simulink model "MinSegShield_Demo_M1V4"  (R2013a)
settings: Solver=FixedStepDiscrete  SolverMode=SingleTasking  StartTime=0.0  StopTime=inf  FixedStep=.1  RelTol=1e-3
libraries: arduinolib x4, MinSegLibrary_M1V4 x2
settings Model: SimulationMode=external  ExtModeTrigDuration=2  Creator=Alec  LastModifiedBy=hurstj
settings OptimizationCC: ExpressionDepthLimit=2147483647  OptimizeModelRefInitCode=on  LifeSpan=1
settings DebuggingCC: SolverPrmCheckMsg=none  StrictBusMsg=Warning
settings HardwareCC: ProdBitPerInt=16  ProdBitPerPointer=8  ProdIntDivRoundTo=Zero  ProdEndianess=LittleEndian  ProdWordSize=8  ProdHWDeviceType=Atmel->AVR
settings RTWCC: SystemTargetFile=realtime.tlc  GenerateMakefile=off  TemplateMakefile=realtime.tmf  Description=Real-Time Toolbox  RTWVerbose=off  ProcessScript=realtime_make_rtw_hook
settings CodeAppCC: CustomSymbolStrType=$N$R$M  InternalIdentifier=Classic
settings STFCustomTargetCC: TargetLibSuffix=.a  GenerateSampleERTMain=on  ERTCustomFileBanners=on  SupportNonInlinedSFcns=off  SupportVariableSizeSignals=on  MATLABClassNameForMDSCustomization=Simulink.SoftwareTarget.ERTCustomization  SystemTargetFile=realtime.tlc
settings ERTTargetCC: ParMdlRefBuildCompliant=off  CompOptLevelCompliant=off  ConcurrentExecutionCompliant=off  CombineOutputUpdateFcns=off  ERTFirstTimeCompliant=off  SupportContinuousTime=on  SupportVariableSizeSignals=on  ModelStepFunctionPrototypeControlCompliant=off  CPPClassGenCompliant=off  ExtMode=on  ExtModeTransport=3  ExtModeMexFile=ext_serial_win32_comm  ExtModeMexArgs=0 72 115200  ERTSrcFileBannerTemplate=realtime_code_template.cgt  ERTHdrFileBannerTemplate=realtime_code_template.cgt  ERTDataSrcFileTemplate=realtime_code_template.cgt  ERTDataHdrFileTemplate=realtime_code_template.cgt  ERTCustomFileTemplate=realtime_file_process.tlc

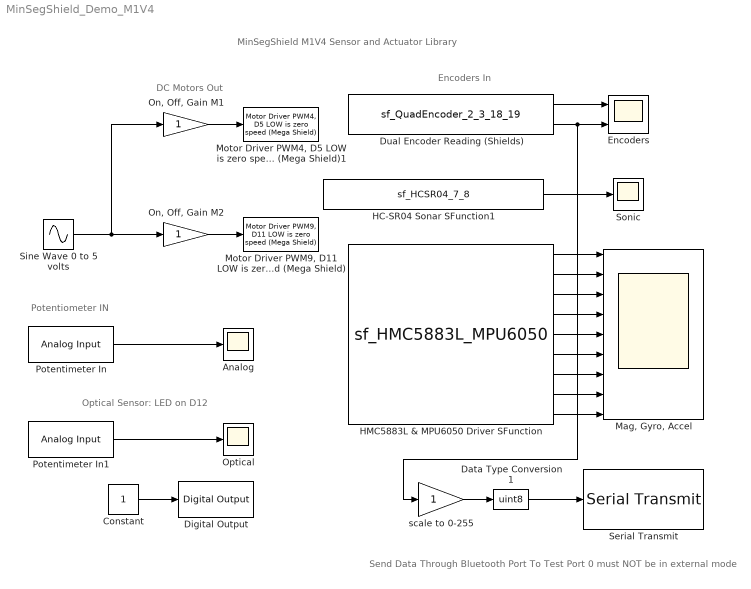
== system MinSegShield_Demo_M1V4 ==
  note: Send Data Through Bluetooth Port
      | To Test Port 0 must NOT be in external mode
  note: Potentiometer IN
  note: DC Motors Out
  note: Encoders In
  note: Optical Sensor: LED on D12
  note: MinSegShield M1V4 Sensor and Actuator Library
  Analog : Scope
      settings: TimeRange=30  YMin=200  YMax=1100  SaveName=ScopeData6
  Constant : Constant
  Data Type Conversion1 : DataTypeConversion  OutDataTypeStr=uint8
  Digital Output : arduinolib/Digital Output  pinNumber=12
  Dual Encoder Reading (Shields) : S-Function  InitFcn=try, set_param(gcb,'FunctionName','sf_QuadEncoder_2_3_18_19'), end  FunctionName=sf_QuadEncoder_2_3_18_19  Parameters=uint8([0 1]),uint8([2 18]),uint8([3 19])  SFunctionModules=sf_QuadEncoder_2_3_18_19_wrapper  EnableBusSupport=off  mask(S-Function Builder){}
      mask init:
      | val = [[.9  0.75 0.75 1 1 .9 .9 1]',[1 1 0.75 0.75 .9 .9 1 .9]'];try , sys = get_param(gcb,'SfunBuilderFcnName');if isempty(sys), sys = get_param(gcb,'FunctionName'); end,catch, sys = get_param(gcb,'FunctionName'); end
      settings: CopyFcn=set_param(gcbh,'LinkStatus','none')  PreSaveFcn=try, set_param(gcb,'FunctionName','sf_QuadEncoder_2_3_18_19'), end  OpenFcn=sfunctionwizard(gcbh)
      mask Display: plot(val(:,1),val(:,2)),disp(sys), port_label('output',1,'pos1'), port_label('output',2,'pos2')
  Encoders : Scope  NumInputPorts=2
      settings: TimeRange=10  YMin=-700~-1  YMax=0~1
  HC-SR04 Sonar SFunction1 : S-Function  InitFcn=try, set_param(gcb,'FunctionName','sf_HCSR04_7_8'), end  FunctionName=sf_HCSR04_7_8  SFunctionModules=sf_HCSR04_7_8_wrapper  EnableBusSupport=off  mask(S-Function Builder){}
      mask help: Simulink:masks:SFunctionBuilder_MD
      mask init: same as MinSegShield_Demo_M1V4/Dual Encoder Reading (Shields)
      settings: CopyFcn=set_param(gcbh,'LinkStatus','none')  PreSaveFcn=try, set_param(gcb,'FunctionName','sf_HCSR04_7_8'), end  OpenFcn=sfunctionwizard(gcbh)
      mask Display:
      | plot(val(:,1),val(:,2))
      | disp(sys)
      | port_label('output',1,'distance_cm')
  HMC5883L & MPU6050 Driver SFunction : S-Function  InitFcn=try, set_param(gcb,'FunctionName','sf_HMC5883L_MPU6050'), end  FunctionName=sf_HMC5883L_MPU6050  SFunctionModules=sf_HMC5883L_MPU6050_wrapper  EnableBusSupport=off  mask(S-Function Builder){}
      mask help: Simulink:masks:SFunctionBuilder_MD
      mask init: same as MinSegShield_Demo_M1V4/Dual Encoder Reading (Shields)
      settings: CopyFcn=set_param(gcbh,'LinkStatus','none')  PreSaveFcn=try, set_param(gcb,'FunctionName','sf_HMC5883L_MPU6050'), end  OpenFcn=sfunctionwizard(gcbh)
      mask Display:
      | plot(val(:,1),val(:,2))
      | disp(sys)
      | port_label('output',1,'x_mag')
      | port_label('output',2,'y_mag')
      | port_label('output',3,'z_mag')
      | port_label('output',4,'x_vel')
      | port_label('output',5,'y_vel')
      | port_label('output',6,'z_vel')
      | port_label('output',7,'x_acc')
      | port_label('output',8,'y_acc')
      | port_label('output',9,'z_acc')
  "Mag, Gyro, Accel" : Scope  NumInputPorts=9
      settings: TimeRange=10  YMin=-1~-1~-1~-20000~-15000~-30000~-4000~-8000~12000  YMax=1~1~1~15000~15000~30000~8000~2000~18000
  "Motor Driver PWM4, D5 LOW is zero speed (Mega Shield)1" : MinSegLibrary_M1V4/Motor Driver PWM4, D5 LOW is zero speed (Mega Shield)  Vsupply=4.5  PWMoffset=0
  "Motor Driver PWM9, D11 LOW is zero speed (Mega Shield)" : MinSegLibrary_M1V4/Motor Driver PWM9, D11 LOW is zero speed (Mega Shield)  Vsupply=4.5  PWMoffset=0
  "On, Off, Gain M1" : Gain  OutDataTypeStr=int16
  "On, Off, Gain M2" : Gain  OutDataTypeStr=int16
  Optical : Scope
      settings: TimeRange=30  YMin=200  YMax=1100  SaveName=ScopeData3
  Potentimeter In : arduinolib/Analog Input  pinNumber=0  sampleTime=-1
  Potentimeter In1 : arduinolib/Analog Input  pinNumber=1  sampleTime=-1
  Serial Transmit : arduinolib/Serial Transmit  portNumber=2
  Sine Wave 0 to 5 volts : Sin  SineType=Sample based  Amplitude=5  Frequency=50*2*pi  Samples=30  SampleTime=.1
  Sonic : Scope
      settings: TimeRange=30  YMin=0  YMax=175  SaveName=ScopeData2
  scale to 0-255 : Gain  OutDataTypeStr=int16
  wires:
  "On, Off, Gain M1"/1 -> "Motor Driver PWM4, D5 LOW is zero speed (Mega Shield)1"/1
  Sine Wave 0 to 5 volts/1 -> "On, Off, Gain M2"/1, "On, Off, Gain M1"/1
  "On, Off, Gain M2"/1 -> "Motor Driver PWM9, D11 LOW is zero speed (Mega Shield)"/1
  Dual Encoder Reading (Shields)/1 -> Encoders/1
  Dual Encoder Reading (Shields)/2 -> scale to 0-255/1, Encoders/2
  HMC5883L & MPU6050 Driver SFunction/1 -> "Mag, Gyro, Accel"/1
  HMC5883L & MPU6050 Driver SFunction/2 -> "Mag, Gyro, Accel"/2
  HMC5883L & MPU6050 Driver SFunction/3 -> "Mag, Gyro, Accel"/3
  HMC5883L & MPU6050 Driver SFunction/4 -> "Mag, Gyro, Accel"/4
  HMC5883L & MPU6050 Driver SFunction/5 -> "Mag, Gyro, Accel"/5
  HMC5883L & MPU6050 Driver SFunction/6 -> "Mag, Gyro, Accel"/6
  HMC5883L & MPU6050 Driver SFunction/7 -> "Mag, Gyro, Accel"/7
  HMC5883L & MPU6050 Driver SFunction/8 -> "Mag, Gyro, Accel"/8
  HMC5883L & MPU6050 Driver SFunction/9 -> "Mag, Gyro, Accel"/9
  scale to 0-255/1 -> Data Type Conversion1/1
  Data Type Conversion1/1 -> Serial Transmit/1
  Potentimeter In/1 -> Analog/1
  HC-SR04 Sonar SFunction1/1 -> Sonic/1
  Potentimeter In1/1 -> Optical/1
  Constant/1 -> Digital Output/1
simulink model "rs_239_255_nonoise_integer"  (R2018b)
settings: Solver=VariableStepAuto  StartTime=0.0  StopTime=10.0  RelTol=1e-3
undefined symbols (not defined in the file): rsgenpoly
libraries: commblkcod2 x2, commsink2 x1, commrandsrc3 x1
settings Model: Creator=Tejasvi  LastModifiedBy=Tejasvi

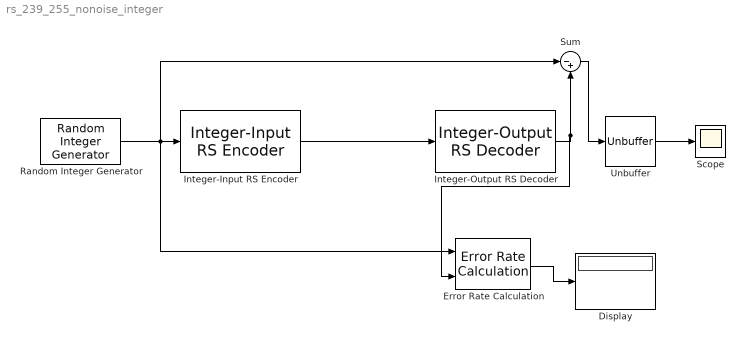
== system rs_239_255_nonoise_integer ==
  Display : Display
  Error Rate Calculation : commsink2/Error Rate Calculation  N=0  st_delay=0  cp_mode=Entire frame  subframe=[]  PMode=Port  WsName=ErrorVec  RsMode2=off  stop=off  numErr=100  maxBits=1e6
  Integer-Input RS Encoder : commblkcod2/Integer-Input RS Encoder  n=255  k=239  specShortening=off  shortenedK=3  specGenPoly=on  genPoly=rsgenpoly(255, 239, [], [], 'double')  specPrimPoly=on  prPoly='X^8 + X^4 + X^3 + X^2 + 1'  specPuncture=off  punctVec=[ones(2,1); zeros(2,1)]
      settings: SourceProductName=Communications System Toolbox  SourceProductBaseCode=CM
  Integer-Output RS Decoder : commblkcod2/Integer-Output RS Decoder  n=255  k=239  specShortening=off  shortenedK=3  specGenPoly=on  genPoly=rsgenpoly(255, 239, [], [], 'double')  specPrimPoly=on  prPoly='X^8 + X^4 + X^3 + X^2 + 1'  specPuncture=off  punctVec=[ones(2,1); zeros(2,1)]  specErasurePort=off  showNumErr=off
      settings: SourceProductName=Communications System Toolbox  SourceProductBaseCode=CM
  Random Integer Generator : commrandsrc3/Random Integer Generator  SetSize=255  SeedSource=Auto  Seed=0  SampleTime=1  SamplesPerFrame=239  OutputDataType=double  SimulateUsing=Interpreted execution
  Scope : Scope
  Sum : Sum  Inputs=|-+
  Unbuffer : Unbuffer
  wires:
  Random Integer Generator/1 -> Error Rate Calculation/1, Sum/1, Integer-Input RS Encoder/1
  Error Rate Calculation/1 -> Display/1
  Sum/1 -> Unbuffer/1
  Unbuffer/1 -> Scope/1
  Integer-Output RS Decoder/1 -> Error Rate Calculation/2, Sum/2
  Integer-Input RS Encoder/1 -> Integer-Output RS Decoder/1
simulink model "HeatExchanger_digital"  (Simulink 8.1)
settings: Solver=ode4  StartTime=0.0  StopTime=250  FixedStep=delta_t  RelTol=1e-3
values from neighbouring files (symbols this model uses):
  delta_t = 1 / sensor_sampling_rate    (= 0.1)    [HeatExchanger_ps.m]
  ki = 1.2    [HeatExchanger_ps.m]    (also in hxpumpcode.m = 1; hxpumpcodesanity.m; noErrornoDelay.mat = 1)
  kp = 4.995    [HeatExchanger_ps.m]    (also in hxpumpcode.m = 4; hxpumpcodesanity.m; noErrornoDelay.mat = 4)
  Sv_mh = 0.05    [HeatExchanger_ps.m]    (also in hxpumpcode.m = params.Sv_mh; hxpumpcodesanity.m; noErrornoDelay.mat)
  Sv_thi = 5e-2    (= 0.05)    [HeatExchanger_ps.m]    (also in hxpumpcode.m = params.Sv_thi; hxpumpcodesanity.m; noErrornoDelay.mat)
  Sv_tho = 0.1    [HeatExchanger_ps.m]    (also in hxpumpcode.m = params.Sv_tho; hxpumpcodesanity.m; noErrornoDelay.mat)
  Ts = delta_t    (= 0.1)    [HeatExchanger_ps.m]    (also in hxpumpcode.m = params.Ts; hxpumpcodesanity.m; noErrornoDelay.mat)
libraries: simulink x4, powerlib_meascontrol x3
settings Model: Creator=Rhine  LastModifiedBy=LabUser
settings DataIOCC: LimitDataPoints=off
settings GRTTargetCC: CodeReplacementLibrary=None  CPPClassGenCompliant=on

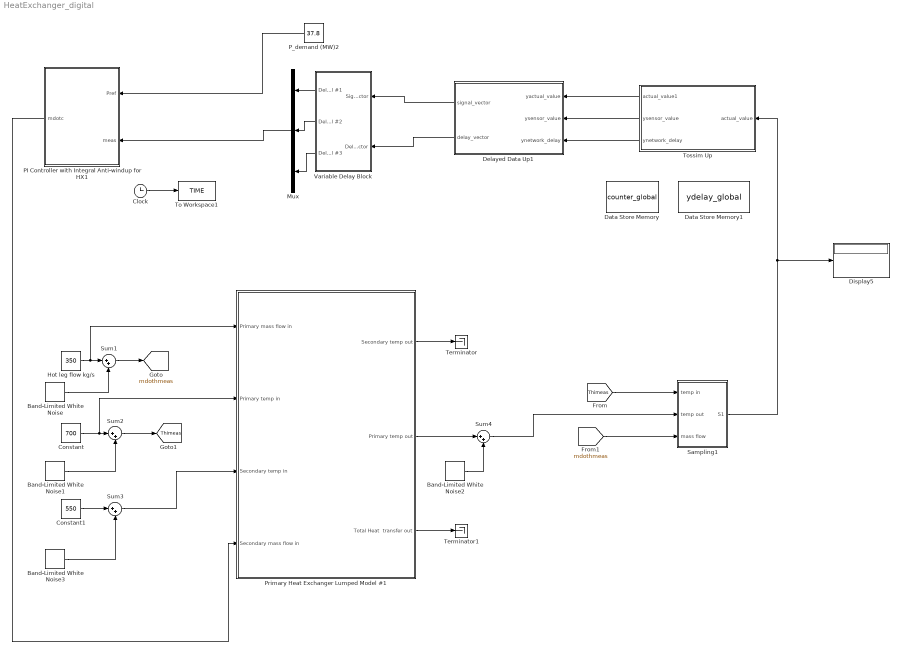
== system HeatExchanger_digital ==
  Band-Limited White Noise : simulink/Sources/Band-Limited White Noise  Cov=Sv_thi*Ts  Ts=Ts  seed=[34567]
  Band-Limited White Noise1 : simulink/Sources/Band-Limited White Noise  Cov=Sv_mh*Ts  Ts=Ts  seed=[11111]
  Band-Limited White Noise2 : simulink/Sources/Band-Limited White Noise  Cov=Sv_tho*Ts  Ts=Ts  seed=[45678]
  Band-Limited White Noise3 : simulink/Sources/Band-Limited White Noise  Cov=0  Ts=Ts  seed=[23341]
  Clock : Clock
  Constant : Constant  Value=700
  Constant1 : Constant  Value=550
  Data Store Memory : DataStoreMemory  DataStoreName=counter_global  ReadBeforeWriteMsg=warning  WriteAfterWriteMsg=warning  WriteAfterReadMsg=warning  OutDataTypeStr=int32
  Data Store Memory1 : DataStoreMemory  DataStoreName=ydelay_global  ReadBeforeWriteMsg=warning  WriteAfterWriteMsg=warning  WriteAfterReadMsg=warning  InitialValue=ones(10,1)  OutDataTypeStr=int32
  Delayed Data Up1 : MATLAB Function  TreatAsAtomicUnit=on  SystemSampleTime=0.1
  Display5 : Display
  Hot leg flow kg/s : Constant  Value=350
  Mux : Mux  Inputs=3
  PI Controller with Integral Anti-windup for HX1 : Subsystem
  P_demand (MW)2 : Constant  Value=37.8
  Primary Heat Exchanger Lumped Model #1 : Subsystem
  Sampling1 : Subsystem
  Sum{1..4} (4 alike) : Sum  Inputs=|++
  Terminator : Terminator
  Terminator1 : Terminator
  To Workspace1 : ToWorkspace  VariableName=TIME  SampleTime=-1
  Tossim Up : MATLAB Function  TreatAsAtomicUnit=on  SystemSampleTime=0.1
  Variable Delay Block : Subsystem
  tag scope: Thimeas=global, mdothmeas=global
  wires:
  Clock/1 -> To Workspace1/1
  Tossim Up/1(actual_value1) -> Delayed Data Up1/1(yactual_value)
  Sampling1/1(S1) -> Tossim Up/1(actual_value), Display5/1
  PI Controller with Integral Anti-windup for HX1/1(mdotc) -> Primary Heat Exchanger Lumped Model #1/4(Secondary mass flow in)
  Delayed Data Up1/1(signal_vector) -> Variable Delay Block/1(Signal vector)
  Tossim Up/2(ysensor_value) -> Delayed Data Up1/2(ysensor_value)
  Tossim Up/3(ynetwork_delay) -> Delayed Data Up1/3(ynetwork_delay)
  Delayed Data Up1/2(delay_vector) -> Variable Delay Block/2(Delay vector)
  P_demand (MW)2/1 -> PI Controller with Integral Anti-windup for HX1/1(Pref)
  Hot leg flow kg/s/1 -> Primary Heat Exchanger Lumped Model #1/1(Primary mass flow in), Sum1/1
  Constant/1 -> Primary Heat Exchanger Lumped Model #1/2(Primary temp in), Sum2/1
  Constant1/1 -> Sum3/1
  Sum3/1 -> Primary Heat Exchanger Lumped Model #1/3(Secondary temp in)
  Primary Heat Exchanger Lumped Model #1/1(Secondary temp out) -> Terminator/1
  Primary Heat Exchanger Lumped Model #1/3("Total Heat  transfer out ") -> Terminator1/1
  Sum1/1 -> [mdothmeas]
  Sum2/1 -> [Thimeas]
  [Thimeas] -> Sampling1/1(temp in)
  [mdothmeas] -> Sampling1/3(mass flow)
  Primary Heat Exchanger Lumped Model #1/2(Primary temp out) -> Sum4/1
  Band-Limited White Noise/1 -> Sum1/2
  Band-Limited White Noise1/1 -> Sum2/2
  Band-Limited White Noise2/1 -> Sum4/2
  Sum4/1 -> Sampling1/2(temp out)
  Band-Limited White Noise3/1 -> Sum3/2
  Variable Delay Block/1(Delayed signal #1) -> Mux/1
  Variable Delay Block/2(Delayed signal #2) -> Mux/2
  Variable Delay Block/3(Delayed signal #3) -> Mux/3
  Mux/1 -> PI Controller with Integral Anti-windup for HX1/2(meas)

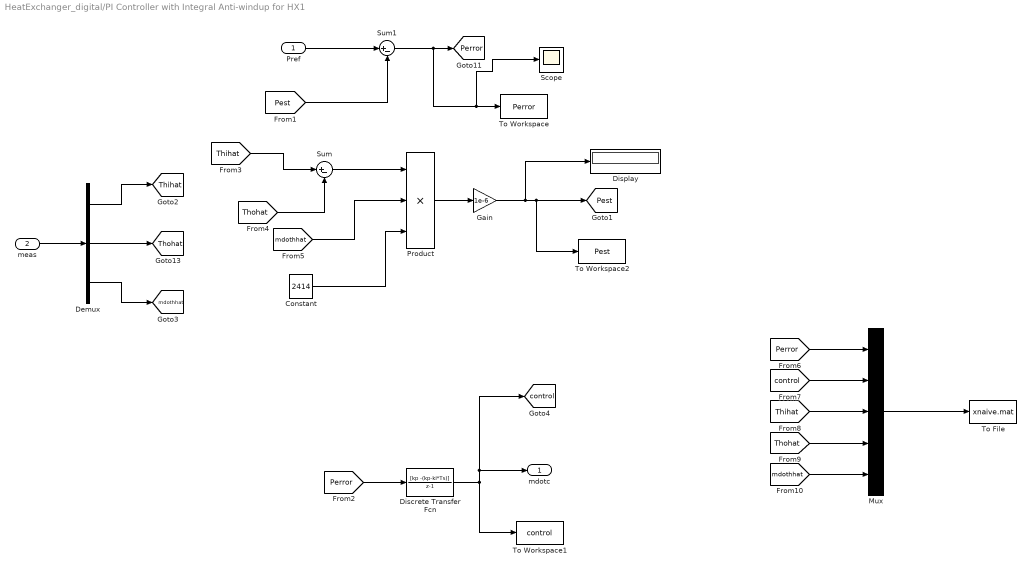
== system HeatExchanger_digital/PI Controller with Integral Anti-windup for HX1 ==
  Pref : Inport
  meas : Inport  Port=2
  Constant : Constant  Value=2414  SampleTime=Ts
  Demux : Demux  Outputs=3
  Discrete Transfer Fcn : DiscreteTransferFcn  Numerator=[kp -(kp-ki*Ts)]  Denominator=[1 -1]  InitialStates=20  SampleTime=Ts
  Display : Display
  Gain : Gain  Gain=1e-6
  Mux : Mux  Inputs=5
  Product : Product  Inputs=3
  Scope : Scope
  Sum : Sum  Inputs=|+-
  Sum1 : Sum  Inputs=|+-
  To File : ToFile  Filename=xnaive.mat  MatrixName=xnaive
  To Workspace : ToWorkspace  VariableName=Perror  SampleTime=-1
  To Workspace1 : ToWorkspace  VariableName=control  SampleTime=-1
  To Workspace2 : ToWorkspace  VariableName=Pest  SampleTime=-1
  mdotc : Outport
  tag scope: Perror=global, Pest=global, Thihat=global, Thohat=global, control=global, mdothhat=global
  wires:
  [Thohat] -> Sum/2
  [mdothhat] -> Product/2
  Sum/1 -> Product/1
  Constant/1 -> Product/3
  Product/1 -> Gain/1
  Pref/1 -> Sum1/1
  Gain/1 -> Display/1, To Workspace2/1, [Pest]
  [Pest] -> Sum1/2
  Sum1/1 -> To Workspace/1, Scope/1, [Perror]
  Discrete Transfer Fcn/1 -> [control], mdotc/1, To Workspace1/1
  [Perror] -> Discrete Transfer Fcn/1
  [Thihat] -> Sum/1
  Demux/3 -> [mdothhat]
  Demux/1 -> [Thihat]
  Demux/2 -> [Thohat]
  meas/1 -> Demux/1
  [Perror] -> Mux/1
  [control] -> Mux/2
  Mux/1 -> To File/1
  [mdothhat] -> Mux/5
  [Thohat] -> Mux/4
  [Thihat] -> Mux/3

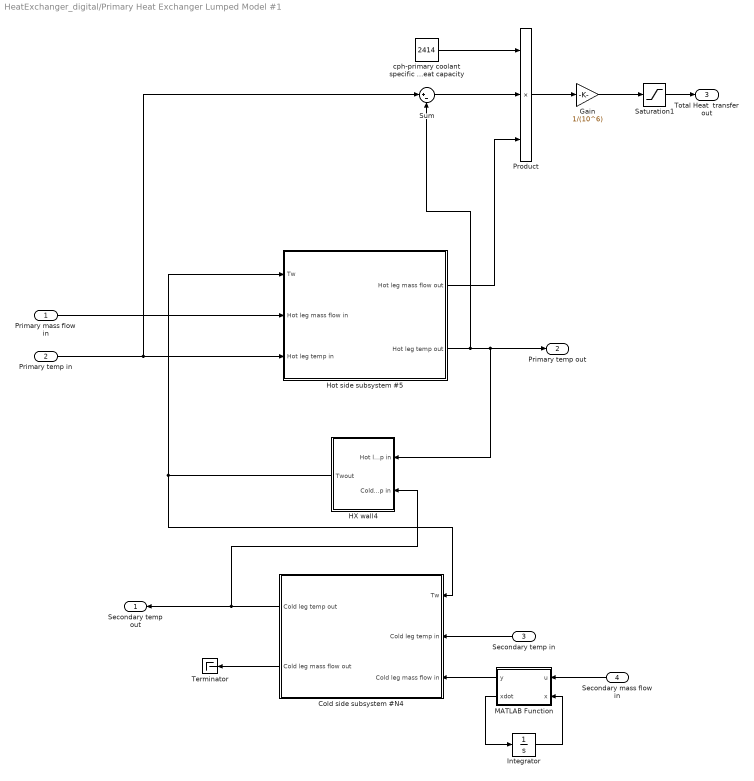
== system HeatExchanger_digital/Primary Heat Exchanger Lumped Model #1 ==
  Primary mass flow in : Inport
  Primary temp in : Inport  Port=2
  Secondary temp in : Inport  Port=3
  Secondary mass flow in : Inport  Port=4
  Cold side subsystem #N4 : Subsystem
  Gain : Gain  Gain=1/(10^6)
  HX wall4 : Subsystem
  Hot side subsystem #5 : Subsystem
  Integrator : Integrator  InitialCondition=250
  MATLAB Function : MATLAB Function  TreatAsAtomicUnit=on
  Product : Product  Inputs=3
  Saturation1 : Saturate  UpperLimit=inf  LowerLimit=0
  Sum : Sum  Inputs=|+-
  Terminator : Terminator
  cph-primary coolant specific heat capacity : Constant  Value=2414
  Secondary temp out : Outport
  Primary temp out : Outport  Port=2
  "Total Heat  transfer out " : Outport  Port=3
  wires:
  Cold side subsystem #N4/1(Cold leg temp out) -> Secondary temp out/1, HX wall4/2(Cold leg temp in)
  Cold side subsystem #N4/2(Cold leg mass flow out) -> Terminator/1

PROBLEM DESCRIPTION: Extract every line from the records above that contains the word "Block".

SOLUTION TO THIS EXERCISE:
  Variable Delay Block : Subsystem
  Delayed Data Up1/1(signal_vector) -> Variable Delay Block/1(Signal vector)
  Delayed Data Up1/2(delay_vector) -> Variable Delay Block/2(Delay vector)
  Variable Delay Block/1(Delayed signal #1) -> Mux/1
  Variable Delay Block/2(Delayed signal #2) -> Mux/2
  Variable Delay Block/3(Delayed signal #3) -> Mux/3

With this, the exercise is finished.